While not all of the essays in Soul on Ice are great, there are a few high points that make it a vital work of literature. His own life is another matter. After getting kicked out of the Black Panthers for wanting to escalate violent revolution while they were more concerned with free breakfast programs for children and helping African-American people get jobs, he went from one cultish group to another, becoming a Moonie, a Mormon, and finally a republican. He even tried to start his own sect called The Church of the Sacred Sperm; sounding too much like something out of a John Waters movie, it predictably went nowhere. He also invented the penis pants. If you don’t know about them, look them up online. This is the life of a man who felt lost in the world, struggling and failing to find a place to belong. His homophobia, his emphasis on hypermasculinity, and his obsession with his own penis are easy to laugh at, but there is something horribly sad about all that. He was overcompensating for feelings of weakness and vulnerability. While he blames white society for his rage and eccentricities, and in some senses this is justifiable, he had deeper personal issues that never got addressed. I’ve met a lot of troubled people in my life and I see certain patterns; I find myself wondering if Cleaver was sexually abused as a child. When Allen Ginsberg said, “I saw the greatest minds of my generation destroyed by madness”, he could very well have been talking about Eldridge Cleaver. He was a tragic figure and the biggest tragedy is that he never got the help he needed.
Soul on Ice has definite strengths and weaknesses.

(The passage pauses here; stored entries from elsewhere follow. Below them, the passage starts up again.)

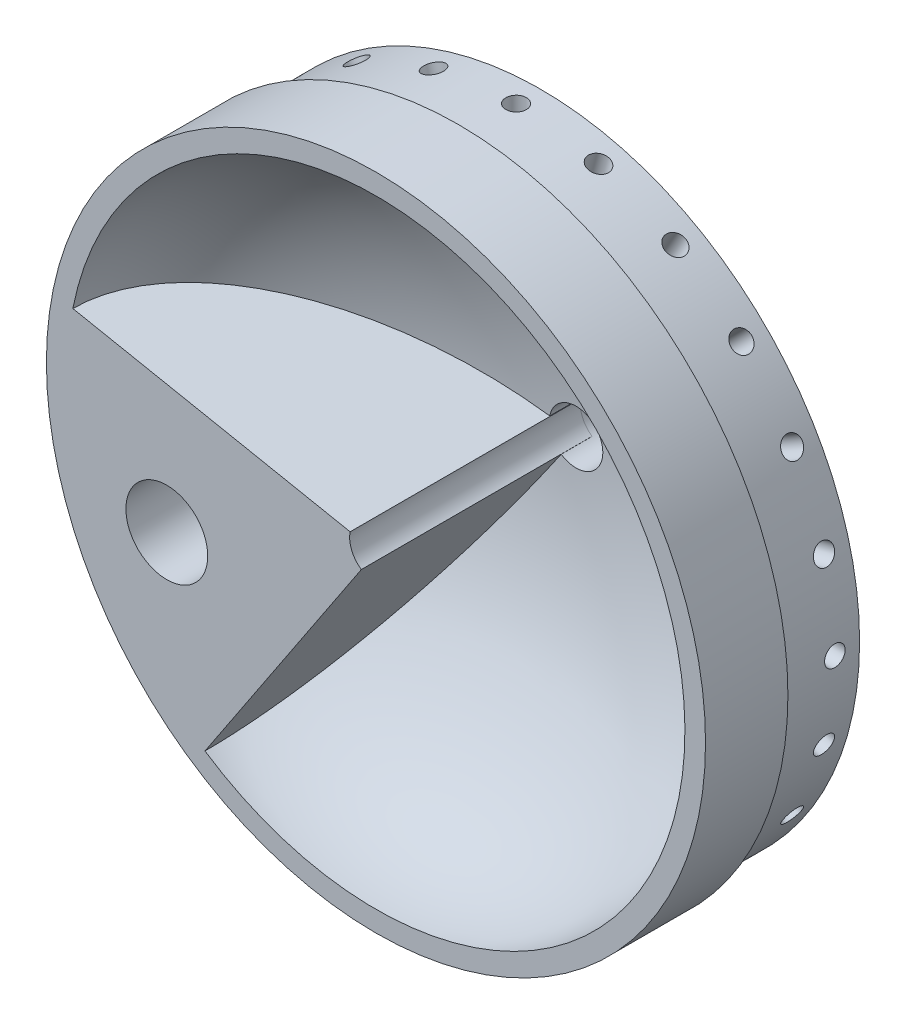
from build123d import *

# Parameters (mm, degrees)
CUT_EXTRUDE2_START      = 25.4
SKETCH3_R               = 101.6
SKETCH3_R_2             = 98.298
CUT_EXTRUDE2_DEPTH      = 138.090842223
SKETCH11_R              = 3.175
CUT_EXTRUDE3_DEPTH      = 12.7
CIRPATTERN1_COUNT       = 24
SKETCH21_R              = 12.591581597
BOSS_EXTRUDE2_DEPTH     = 71.12
CUT_EXTRUDE5_DEPTH      = 251.46
CUT_EXTRUDE5_DEPTH_BACK = 201.168
SKETCH33_R              = 8.117141655
CUT_EXTRUDE6_DEPTH      = 301.752
CUT_EXTRUDE6_DEPTH_BACK = 201.168
SKETCH34_R              = 12.612129164


with BuildPart() as part:
    # Sketch1 → Revolve1 (revolve)
    with BuildSketch(Plane(origin=(0, 0, 0), x_dir=(1, 0, 0), z_dir=(0, 1, 0))):
        with BuildLine():
            add(Edge.make_bspline(
                [(95.25, 0), (95.25, 56.760318319), (8.255, 61.679545906)],
                knots=[3.141592654, 3.141592654, 3.141592654, 4.625613452, 4.625613452, 4.625613452], degree=2, weights=[1, 0.73711148, 1]))
            Line((95.25, 0), (101.6, 0))
            Line((101.6, 0), (101.6, 50.8))
            Line((101.6, 50.8), (93.98, 50.8))
            Line((93.98, 50.8), (68.994398102, 50.8))
            Line((68.994398102, 50.8), (17.78, 75.8825))
            Line((17.78, 75.8825), (8.255, 75.8825))
            Line((8.255, 75.8825), (8.255, 61.679545906))
        make_face()
    revolve(axis=Axis((0, 0, 0), (0, 0, -1)))

    # Sketch3 → Cut-Extrude2 (cut, through all)
    with BuildSketch(Plane(origin=(0, 0, 0), x_dir=(-1, 0, 0), z_dir=(0, 0, -1)).offset(CUT_EXTRUDE2_START)):
        Circle(SKETCH3_R)
        Circle(SKETCH3_R_2, mode=Mode.SUBTRACT)
    extrude(amount=CUT_EXTRUDE2_DEPTH, mode=Mode.SUBTRACT)

    # Sketch11 → Cut-Extrude3 (cut)
    with BuildSketch(Plane(origin=(0, -98.298, 0), x_dir=(-1, 0, 0), z_dir=(0, -1, 0))):
        with Locations((0, 43.18)):
            Circle(SKETCH11_R)
    cut_extrude3 = extrude(amount=-CUT_EXTRUDE3_DEPTH, mode=Mode.SUBTRACT)

    # CirPattern1: Cut-Extrude3 ×24 about axis
    cirpattern1_axis = Axis((0, 0, 0), (0, 0, 1))
    for i in range(1, CIRPATTERN1_COUNT):
        add(cut_extrude3.rotate(cirpattern1_axis, i * 360 / CIRPATTERN1_COUNT), mode=Mode.SUBTRACT)

    # Sketch21 → Boss-Extrude2 (add)
    with BuildSketch(Plane.XY):
        with BuildLine():
            Line((0, 0), (-93.449579893, 18.431997121))
            ThreePointArc((-93.449579893, 18.431997121), (-87.923439773, -36.633744532), (-52.715538121, -79.332430573))
            Line((-52.715538121, -79.332430573), (0, 0))
        make_face()
        with Locations((-64.477189167, -26.86474599)):
            Circle(SKETCH21_R, mode=Mode.SUBTRACT)
    extrude(amount=-BOSS_EXTRUDE2_DEPTH)

    # Sketch33 → Cut-Extrude5 (cut, two sides: drawn at the far end of the back side and taken through both)
    with BuildSketch(Plane(origin=(0, 0, -53.34), x_dir=(-1, 0, 0), z_dir=(0, 0, -1)).offset(-CUT_EXTRUDE5_DEPTH_BACK)):
        Circle(SKETCH33_R)
    extrude(amount=CUT_EXTRUDE5_DEPTH + CUT_EXTRUDE5_DEPTH_BACK, mode=Mode.SUBTRACT)

    # Sketch34 → Cut-Extrude6 (cut, two sides: drawn at the far end of the back side and taken through both)
    with BuildSketch(Plane(origin=(0, 0, -53.34), x_dir=(-1, 0, 0), z_dir=(0, 0, -1)).offset(-CUT_EXTRUDE6_DEPTH_BACK)):
        with Locations((64.477189167, -26.86474599)):
            Circle(SKETCH34_R)
    extrude(amount=CUT_EXTRUDE6_DEPTH + CUT_EXTRUDE6_DEPTH_BACK, mode=Mode.SUBTRACT)


solid = part.part

The strengths outweigh the weaknesses, especially in Eldridge Cleaver’s ability to express his anger, his hopes, and his confusion with a precise and rigid clarity. You can see his demons and angels fighting a brutal war even when he is not directly writing about himself. Like the heroes and idols he portrays in this book, he gets you to re-evaluate the way you think. Even if you don’t appreciate what he has to say, this book is a valuable historical document for students of African-American history, the Civil Rights and Black Power Movements, and the countercultures of the 1960s.
Cleaver, Eldridge. Soul on Ice. Ramparts Books/Dell Publishing Co. Inc., New York: 1970.